Just in case some may not have heard about this case involving the planning of the rich and famous in 2008, take a minute to better understand what mere mortals can accomplish through proper planning. Facebook co-founders Mark Zuckerberg and Dustin Moskovitz, and CEO Sheryl Sandberg used a tried-and-true estate planning technique known as a Grantor Retained Annuity Trust (GRAT) to transfer upwards of $200 million free of gift and estate tax.
How did they do this? They took advantage of a perfectly legal structure that is expressly authorized by the tax code. In short, their GRATs worked like this; before an IPO and thus when Facebook’s stock value was low, the executives transferred shares of Facebook stock to their respective GRATs. In return, the executives each received an annual income stream, known as an annuity, for a predetermined number of years. If they survive this term, any property left in the trust at the conclusion of the annuity payments passes to the remainder beneficiaries (typically family members or a trust for their benefit).
The transfer is subject to gift tax only to the extent that the value of the assets transferred, plus an assumed growth rate (published by the IRS monthly and currently at historic lows), exceeds the amount of the annuity payments back to the trust maker (aka grantor).
Thus, one can structure this transaction as a “zeroed-out GRAT” such that the value to the remainder beneficiaries is calculated at zero and the transfer is not subject to gift tax (this is true whether we transfer $100 or $100 million to the trust). However, even though there is no gift tax, any actual growth beyond the IRS’s assumed rate, or increases in value in trust assets, or (as in this case) both, inure to the remainder beneficiaries free of gift and estate tax.
As was the case here, GRATs are perfect for highly appreciating assets and those assets that will return more than the IRS’s assumed growth rate which is still very low. Thus, any client with pre-IPO stock or other highly appreciating assets should at least consider this strategy.

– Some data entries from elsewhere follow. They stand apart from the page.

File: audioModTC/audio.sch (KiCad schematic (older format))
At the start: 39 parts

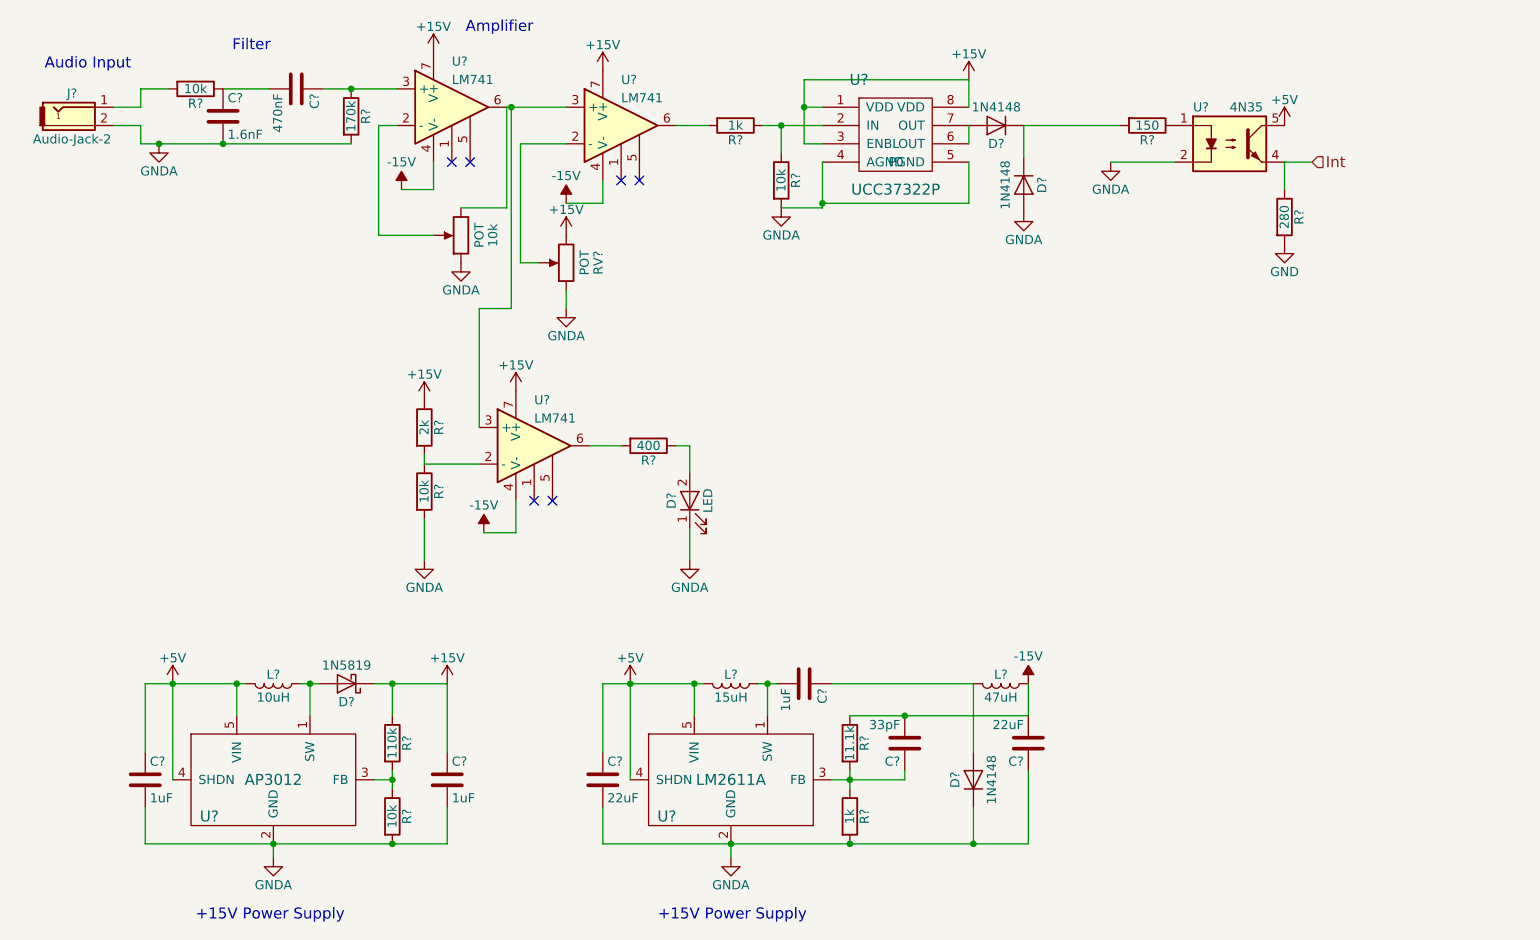
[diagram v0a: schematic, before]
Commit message: Made some footprints
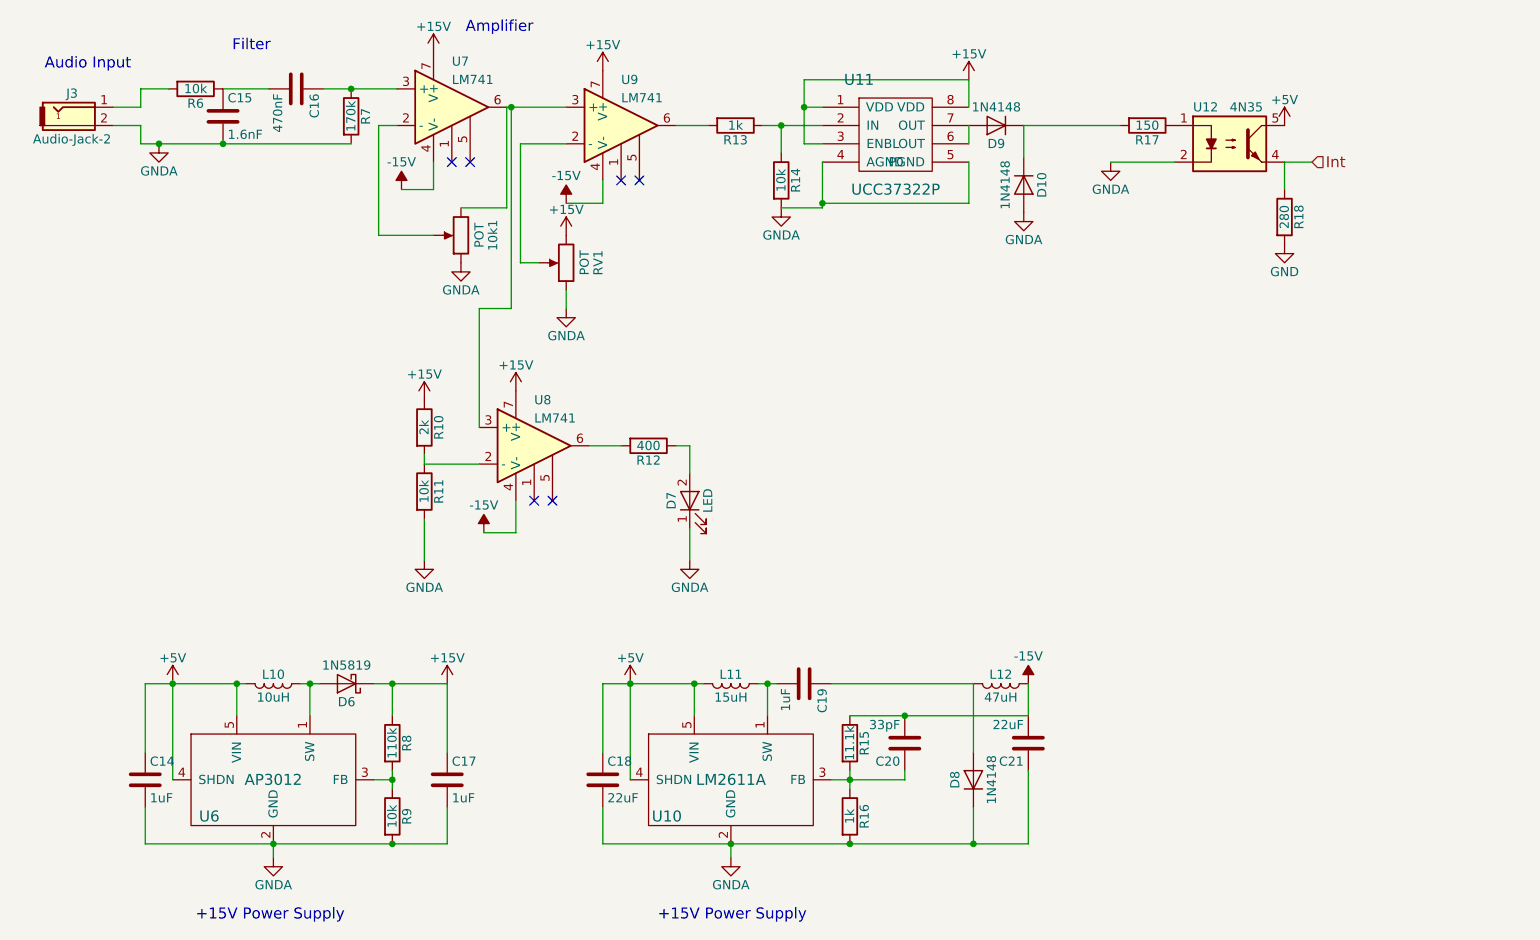
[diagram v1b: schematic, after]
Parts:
- C14, C15, C16, C17, C18, C19, C20, C21: renamed from C?; footprint (none) -> Capacitors_SMD:C_0603
- gave numbers to parts that had none: 30
- renumbered 10k to 10k1

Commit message: Assigned more footprints
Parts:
- D10, D8, D9: footprint (none) -> Diodes_SMD:D_SOD-323
- D6: footprint (none) -> Diodes_SMD:D_SOD-123
- D7: footprint (none) -> Diodes_SMD:D_0805
- J3: footprint (none) -> Custom:MJ1-2503A
- L10, L11, L12: footprint (none) -> Custom:L_1008
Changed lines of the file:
@@
 F 0 "D9" H 6925 2350 50  0000 C CNN
 F 1 "1N4148" H 6925 2150 50  0000 C CNN
-F 2 "" H 6925 2250 50  0001 C CNN
+F 2 "Diodes_SMD:D_SOD-323" H 6925 2250 50  0001 C CNN
 F 3 "" H 6925 2250 50  0001 C CNN
 	1    6925 2250
@@
 F 0 "D10" H 7075 2675 50  0000 C CNN
 F 1 "1N4148" H 7075 2475 50  0000 C CNN
-F 2 "" H 7075 2575 50  0001 C CNN
+F 2 "Diodes_SMD:D_SOD-323" H 7075 2575 50  0001 C CNN
 F 3 "" H 7075 2575 50  0001 C CNN
 	1    7075 2575
@@
 F 0 "D7" H 5250 4400 50  0000 C CNN
 F 1 "LED" H 5250 4200 50  0000 C CNN
-F 2 "" H 5250 4300 50  0001 C CNN
+F 2 "Diodes_SMD:D_0805" H 5250 4300 50  0001 C CNN
 F 3 "" H 5250 4300 50  0001 C CNN
 	1    5250 4300
@@
 F 0 "L10" V 2925 5300 50  0000 C CNN
 F 1 "10uH" V 3050 5300 50  0000 C CNN
-F 2 "" H 2975 5300 50  0001 C CNN
+F 2 "Custom:L_1008" H 2975 5300 50  0001 C CNN
 F 3 "" H 2975 5300 50  0001 C CNN
 	1    2975 5300
@@
 F 0 "D6" H 3375 5400 50  0000 C CNN
 F 1 "1N5819" H 3375 5200 50  0000 C CNN
-F 2 "" H 3375 5300 50  0001 C CNN
+F 2 "Diodes_SMD:D_SOD-123" H 3375 5300 50  0001 C CNN
 F 3 "" H 3375 5300 50  0001 C CNN
 	1    3375 5300
@@
 F 0 "L11" V 5425 5300 50  0000 C CNN
 F 1 "15uH" V 5550 5300 50  0000 C CNN
-F 2 "" H 5475 5300 50  0001 C CNN
+F 2 "Custom:L_1008" H 5475 5300 50  0001 C CNN
 F 3 "" H 5475 5300 50  0001 C CNN
 	1    5475 5300
@@
 F 0 "D8" H 6800 5925 50  0000 C CNN
 F 1 "1N4148" H 6800 5725 50  0000 C CNN
-F 2 "" H 6800 5825 50  0001 C CNN
+F 2 "Diodes_SMD:D_SOD-323" H 6800 5825 50  0001 C CNN
 F 3 "" H 6800 5825 50  0001 C CNN
 	1    6800 5825
@@
 F 0 "L12" V 6900 5300 50  0000 C CNN
 F 1 "47uH" V 7025 5300 50  0000 C CNN
-F 2 "" H 6950 5300 50  0001 C CNN
+F 2 "Custom:L_1008" H 6950 5300 50  0001 C CNN
 F 3 "" H 6950 5300 50  0001 C CNN
 	1    6950 5300
@@
 F 0 "J3" H 1875 2225 50  0000 C CNN
 F 1 "Audio-Jack-2" H 1875 1975 50  0000 C CNN
-F 2 "" H 2150 2150 50  0001 C CNN
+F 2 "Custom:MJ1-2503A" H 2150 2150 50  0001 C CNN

It is prudent to consider this technique now since the Obama Administration’s 2016 budget proposals, known as the Greenbook, proposes doing away with zeroed-out and decreasing GRATs. It suggests imposing a requirement that the value of the remainder interest in a GRAT be equal to at least25 percent of the value of the property transferred to the GRAT or, if greater, $500,000 (but not more than the value of the GRAT in any case). In addition, the budget proposal seeks to impose a minimum 10-year term for GRATs and a maximum term of the life expectancy of the annuitant plus 10 years (to combat “100-year GRATs”).